Meet Mish: New Activation function, possible successor to ReLU?

btw - just one thing to think about.
I have seen several papers where they got even better results by using multiple activations, with different layer groups using one activation, other layer groups using another and the combination outperformed the network with only one or the other. (i.e. heterogenous activation networks).

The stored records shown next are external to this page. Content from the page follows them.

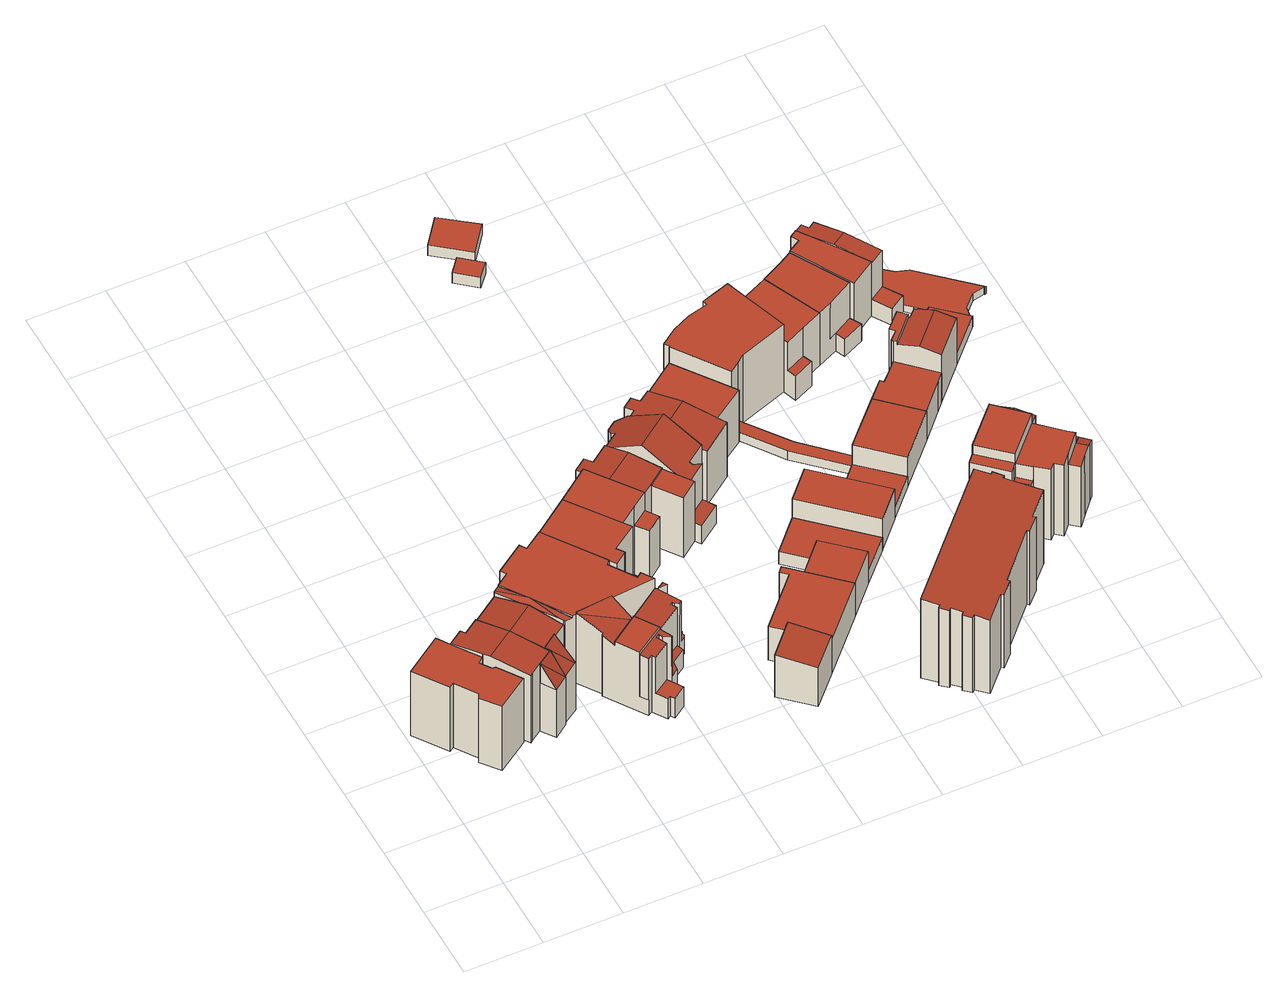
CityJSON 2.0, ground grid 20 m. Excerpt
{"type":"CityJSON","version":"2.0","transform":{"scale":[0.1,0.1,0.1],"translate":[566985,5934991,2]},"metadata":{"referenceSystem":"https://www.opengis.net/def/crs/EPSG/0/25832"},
"CityObjects":{
"building1":{"type":"Building","attributes":{"Gemeindeschluessel":"02000000","Geometrietyp2DReferenz":"3000","function":"31001_1120","roofType":"1000","measuredHeight":21.37,"storeysAboveGround":5},"geometry":[{"type":"MultiSurface","lod":"2","boundaries":[[[0,1,2,3]],[[3,2,4,5]],[[5,4,6,7]],[[7,6,8,9]],[[9,8,10,11]],[[11,10,12,13]],[[13,12,14,15]],[[15,14,16,17]],[[17,16,18,19]],[[19,18,20,21]],[[22,23,24,25]],[[21,20,26,27]],[[1,0,25,24]],[[23,22,27,26]],[[27,22,25,0,3,5,7,9,11,13,15,17,19,21]],[[23,26,20,18,16,14,12,10,8,6,4,2,1,24]]],"semantics":{"surfaces":[{"type":"WallSurface"},{"type":"GroundSurface"},{"type":"RoofSurface"}],"values":[0,0,0,0,0,0,0,0,0,0,0,0,0,0,1,2]}}]},
"building2":{"type":"Building","attributes":{"Gemeindeschluessel":"02000000","Geometrietyp2DReferenz":"3000","function":"31001_1010","roofType":"3100","measuredHeight":23.33,"storeysAboveGround":5},"geometry":[{"type":"MultiSurface","lod":"2","boundaries":[[[28,29,30,31]],[[32,28,31]],[[33,34,35,36]],[[36,35,37,38]],[[39,40,41,42]],[[42,41,43,44]],[[45,46,47,48]],[[49,31,30,50]],[[51,29,28,52]],[[32,31,49,53]],[[54,55,45,48,33,36,38,39,42,44,51,52]],[[56,34,33,48,47]],[[51,44,43,57,50,30,29]],[[55,54,32,53,49,58]],[[54,52,28,32]],[[46,45,55,58]],[[40,39,38,37]],[[56,47,46,58,49,50,57]],[[56,57,43,41,40,37,35,34]]],"semantics":{"surfaces":[{"type":"RoofSurface"},{"type":"WallSurface"},{"type":"GroundSurface"}],"values":[0,0,1,1,1,1,1,1,1,1,2,1,1,1,1,1,1,0,0]}}]},
"building3":{"type":"Building","attributes":{"Gemeindeschluessel":"02000000","Geometrietyp2DReferenz":"3000","function":"31001_1010","roofType":"3100","measuredHeight":22.99,"storeysAboveGround":5},"geometry":[{"type":"MultiSurface","lod":"2","boundaries":[[[59,60,61,62,63]],[[64,65,60,59]],[[66,67,68]],[[69,63,62,70]],[[68,70,62,61,66]],[[71,65,64,72]],[[73,67,66,74]],[[72,64,59,63,69,75,76,77]],[[78,73,74,71,72,77,79,80]],[[71,74,66,61,60,65]],[[73,78,70,68,67]],[[70,78,80,81]],[[80,79,82,83,81]],[[82,79,77,76]],[[75,69,70,81,83]],[[75,83,82,76]]],"semantics":{"surfaces":[{"type":"RoofSurface"},{"type":"WallSurface"},{"type":"GroundSurface"}],"values":[0,0,0,1,1,1,1,1,2,1,1,1,1,1,0,0]}}]},
"building4":{"type":"Building","attributes":{"Gemeindeschluessel":"02000000","Geometrietyp2DReferenz":"3000","function":"31001_2020","roofType":"1000","measuredHeight":24.25,"storeysAboveGround":5},"geometry":[{"type":"MultiSurface","lod":"2","boundaries":[[[84,85,86,87]],[[85,88,86]],[[85,89,90,88]],[[84,91,92,89,85]],[[93,94,95,96]],[[97,98,99,94,93]],[[100,101,102,103,104,105,106,107,108,109,110]],[[111,112,113,114,115,116]],[[117,118,119,120,121,122,123,124,125,126,127]],[[128,129,130,131,132,133]],[[134,135,136]],[[137,138,139,140]],[[141,142,143,144,145,146,147,148]],[[149,150,151,152]],[[89,153,154,90]],[[155,92,91,156]],[[157,158,159,160]],[[160,159,161,162]],[[162,161,163,164]],[[164,163,165,166]],[[166,165,167,168]],[[168,167,169,170]],[[139,171,172,140]],[[173,96,95,172]],[[140,172,95,94,137]],[[174,98,97,175]],[[176,107,106,177]],[[177,106,105,178]],[[178,105,104,179]],[[115,103,102,116]],[[180,100,110,181]],[[182,114,113,183]],[[183,113,112,184]],[[184,112,111,185]],[[148,124,123,141]],[[186,122,121,187]],[[187,121,120,188]],[[188,120,119,189]],[[132,118,117,133]],[[190,131,130,191]],[[191,130,129,192]],[[146,134,136,147]],[[193,145,144,194]],[[194,144,143,195]],[[195,143,142,196]],[[197,87,86,88,90,154,150,149]],[[198,180,181,199,200,99,98,174]],[[186,187,188,189,190,191,192,176,177,178,179,182,183,184,185,201,198,174,175,202,155,156,197,149,152,157,160,162,164,166,168,170,203,204,193,194,195,196]],[[202,175,97,93,96,173,205]],[[203,170,169,171,139,138,126,125]],[[204,203,125,124,148,147,136,135]],[[193,204,135,134,146,145]],[[190,189,119,118,132,131]],[[186,196,142,141,123,122]],[[198,201,101,100,180]],[[201,185,111,116,102,101]],[[182,179,104,103,115,114]],[[176,192,129,128,108,107]],[[199,181,110,109,206]],[[206,109,108,128,133,117,127,207]],[[94,99,200,207,127,126,138,137]],[[155,202,205,153,89,92]],[[158,157,152,151]],[[197,156,91,84,87]],[[199,206,207,200]],[[158,151,150,154,153,205,173,172,171,169,167,165,163,161,159]]],"semantics":{"surfaces":[{"type":"RoofSurface"},{"type":"WallSurface"},{"type":"GroundSurface"}],"values":[0,0,0,0,0,0,0,0,0,0,0,0,0,1,1,1,1,1,1,1,1,1,1,1,1,1,1,1,1,1,1,1,1,1,1,1,1,1,1,1,1,1,1,1,1,1,1,2,1,1,1,1,1,1,1,1,1,1,1,1,1,1,1,1,0,0]}}]},
"building5":{"type":"Building","attributes":{"Gemeindeschluessel":"02000000","Geometrietyp2DReferenz":"3000","function":"31001_1010","roofType":"1000","measuredHeight":22.72,"storeysAboveGround":5},"geometry":[{"type":"MultiSurface","lod":"2","boundaries":[[[208,209,210,211,212]],[[162,213,214,215]],[[216,217,218,219]],[[219,218,220,221]],[[211,220,222,212]],[[223,210,209,224]],[[224,209,208,225]],[[226,227,228,229]],[[216,219,221,223,224,225,162,215,226,229]],[[213,162,225,208,212,222]],[[223,221,220,211,210]],[[217,216,229,228]],[[227,226,215,214]],[[227,214,213,222,220,218,217,228]]],"semantics":{"surfaces":[{"type":"RoofSurface"},{"type":"WallSurface"},{"type":"GroundSurface"}],"values":[0,1,1,1,1,1,1,1,2,1,1,1,1,0]}}]},
"building6":{"type":"Building","attributes":{"Gemeindeschluessel":"02000000","Geometrietyp2DReferenz":"3000","function":"31001_2010","roofType":"1000","measuredHeight":22.63,"storeysAboveGround":5},"geometry":[{"type":"MultiSurface","lod":"2","boundaries":[[[230,231,232,233]],[[234,227,214,235]],[[236,237,238,239]],[[232,240,241,233]],[[242,231,230,243]],[[244,234,235,236,239,242,243]],[[244,243,230,233,241]],[[242,239,238,240,232,231]],[[227,234,244,241]],[[237,236,235,214]],[[237,214,227,241,240,238]]],"semantics":{"surfaces":[{"type":"RoofSurface"},{"type":"WallSurface"},{"type":"GroundSurface"}],"values":[0,1,1,1,1,2,1,1,1,1,0]}}]},
"building7":{"type":"Building","attributes":{"Gemeindeschluessel":"02000000","Geometrietyp2DReferenz":"3000","function":"31001_1120","roofType":"1000","measuredHeight":14.04,"storeysAboveGround":4},"geometry":[{"type":"MultiSurface","lod":"2","boundaries":[[[245,246,247,248]],[[248,247,249,250]],[[250,249,251,252]],[[246,245,252,251]],[[252,245,248,250]],[[246,251,249,247]]],"semantics":{"surfaces":[{"type":"WallSurface"},{"type":"GroundSurface"},{"type":"RoofSurface"}],"values":[0,0,0,0,1,2]}}]},
"building8":{"type":"Building","attributes":{"Gemeindeschluessel":"02000000","Geometrietyp2DReferenz":"3000","function":"31001_2310","roofType":"3100","measuredHeight":21.25,"storeysAboveGround":5},"geometry":[{"type":"MultiSurface","lod":"2","boundaries":[[[253,254,255,256]],[[257,258,259,260]],[[260,259,261,262]],[[263,264,265,266]],[[266,265,267,268]],[[255,269,270,256]],[[271,254,253,272]],[[273,274,257,260,262,263,266,268,271,272]],[[271,268,267,275,269,255,254]],[[273,272,253,256,270,276]],[[277,274,273,276]],[[257,274,277,278,258]],[[264,263,262,261]],[[278,277,276,270,269,275]],[[278,275,267,265,264,261,259,258]]],"semantics":{"surfaces":[{"type":"RoofSurface"},{"type":"WallSurface"},{"type":"GroundSurface"}],"values":[0,1,1,1,1,1,1,2,1,1,1,1,1,0,0]}}]},
"building9":{"type":"Building","attributes":{"Gemeindeschluessel":"02000000","Geometrietyp2DReferenz":"3000","function":"31001_1120","roofType":"1000","measuredHeight":11.17,"storeysAboveGround":4},"geometry":[{"type":"MultiSurface","lod":"2","boundaries":[[[279,280,281,282]],[[283,284,285,286]],[[287,288,286,285]],[[289,290,280,279]],[[288,287,290,289]],[[291,292,284,283]],[[292,291,282,281]],[[282,291,283,286,288,289,279]],[[292,281,280,290,287,285,284]]],"semantics":{"surfaces":[{"type":"WallSurface"},{"type":"GroundSurface"},{"type":"RoofSurface"}],"values":[0,0,0,0,0,0,0,1,2]}}]},
"building10":{"type":"Building","attributes":{"Gemeindeschluessel":"02000000","Geometrietyp2DReferenz":"3000","function":"31001_1120","roofType":"3100","measuredHeight":24.93,"storeysAboveGround":4},"geometry":[{"type":"MultiSurface","lod":"2","boundaries":[[[293,294,295,296]],[[268,297,298,299]],[[299,298,300,301]],[[301,300,302,303]],[[304,305,306,307]],[[308,309,310,311]],[[311,310,312,313]],[[295,314,315,296]],[[316,294,293,317]],[[317,293,296,315,318,297,268]],[[304,307,319,308,311,313,316,317,268,299,301,303]],[[316,313,312,314,295,294]],[[309,308,319,320]],[[319,307,306,321,320]],[[305,304,303,302]],[[318,315,314,312,310,309,320,321]],[[318,321,306,305,302,300,298,297]]],"semantics":{"surfaces":[{"type":"RoofSurface"},{"type":"WallSurface"},{"type":"GroundSurface"}],"values":[0,1,1,1,1,1,1,1,1,1,2,1,1,1,1,0,0]}}]},
"building11":{"type":"Building","attributes":{"Gemeindeschluessel":"02000000","Geometrietyp2DReferenz":"3000","function":"31001_1120","roofType":"3100","measuredHeight":19.36,"storeysAboveGround":4},"geometry":[{"type":"MultiSurface","lod":"2","boundaries":[[[322,323,324,325,326,327,328,329]],[[330,331,332,333,323,322]],[[307,329,328,334]],[[334,328,327,335]],[[335,327,326,336]],[[336,326,325,337]],[[337,325,324,338]],[[339,333,332,340]],[[340,332,331,341]],[[341,331,330,319]],[[319,330,322,329,307]],[[338,324,323,333,339]],[[338,339,340,341,319,307,334,335,336,337]]],"semantics":{"surfaces":[{"type":"RoofSurface"},{"type":"WallSurface"},{"type":"GroundSurface"}],"values":[0,0,1,1,1,1,1,1,1,1,1,1,2]}}]},
"building12":{"type":"Building","attributes":{"Gemeindeschluessel":"02000000","Geometrietyp2DReferenz":"3000","function":"31001_1120","roofType":"1000","measuredHeight":10.86,"storeysAboveGround":4},"geometry":[{"type":"MultiSurface","lod":"2","boundaries":[[[342,343,344,345]],[[346,347,348,349]],[[346,345,344,347]],[[347,344,343,348]],[[348,343,342,349]],[[349,342,345,346]]],"semantics":{"surfaces":[{"type":"RoofSurface"},{"type":"GroundSurface"},{"type":"WallSurface"}],"values":[0,1,2,2,2,2]}}]},
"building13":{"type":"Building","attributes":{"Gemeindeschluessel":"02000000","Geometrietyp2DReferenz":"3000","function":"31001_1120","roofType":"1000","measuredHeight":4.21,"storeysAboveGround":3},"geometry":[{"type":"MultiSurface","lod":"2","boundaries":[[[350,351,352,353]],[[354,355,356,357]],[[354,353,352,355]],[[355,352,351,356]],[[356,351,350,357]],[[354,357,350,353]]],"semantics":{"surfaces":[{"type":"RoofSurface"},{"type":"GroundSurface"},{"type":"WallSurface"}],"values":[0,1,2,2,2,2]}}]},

Thus, it will be interesting to keep that in mind as we learn more about Mish, and Balaji’s new function etc. as we may be able to customize an XResNet to leverage them together, respectively if we find where their strengths and weaknesses are.

3 Likes

Was there a specific trend they located in which activation function they used where, etc? And could you post those papers? :slight_smile:

1 Like

So there was a paper by lastminutepapers where they showcased combination of activations in a single NN. The recent project I’m working on called XTAN is basically that. It’s a gridsearch for getting the best activation for each layer for any model defined. Link to the paper - https://arxiv.org/pdf/1801.09403.pdf

2 Likes

Thats a great plan @Diganta. I was planning to do the same once i am done with this paper. Looking forward for your results and opinion

1 Like

Thanks @Diganta! :slight_smile:

2 Likes

That’s exactly the paper I was thinking of :slight_smile:

Here’s two more related to that concept of HAN (heterogeneous activation networks). I think this is a space that might yield new innovation and results, along with leveraging scale inside the networks (ala res2net).

4 Likes

Not to drag the conversation too far backwards, but I think I got a nice result with EfficientNet-b3 + Mish + Ranger on Stanford Cars:

  • 93.8% 5-run, 40epoch, mean test set accuracy on Stanford Cars using EfficientNet-b3 + Mish + Ranger Beat the EfficientNet paper EfficientNet-b3 result by 0.2%. The EfficientNet author’s best result using b3 was 93.6% (their best EfficientNet result was with b7, 94.7%)
  • I found that with Ranger alone, EfficientNet was much more stable to train but I couldn’t match the accuracy from the paper, adding Mish then pushed it over the line :slight_smile:
  • At least for me, EfficientNet + Ranger (with and without Mish) preferred a shorter flat period that the XResNet Imagewoof work here (10% start_pct worked well for me) before the cosine anneal

Full details over here: [Project] Stanford-Cars with fastai v1

Notebook here

Thanks for the inspiring work on this thread all!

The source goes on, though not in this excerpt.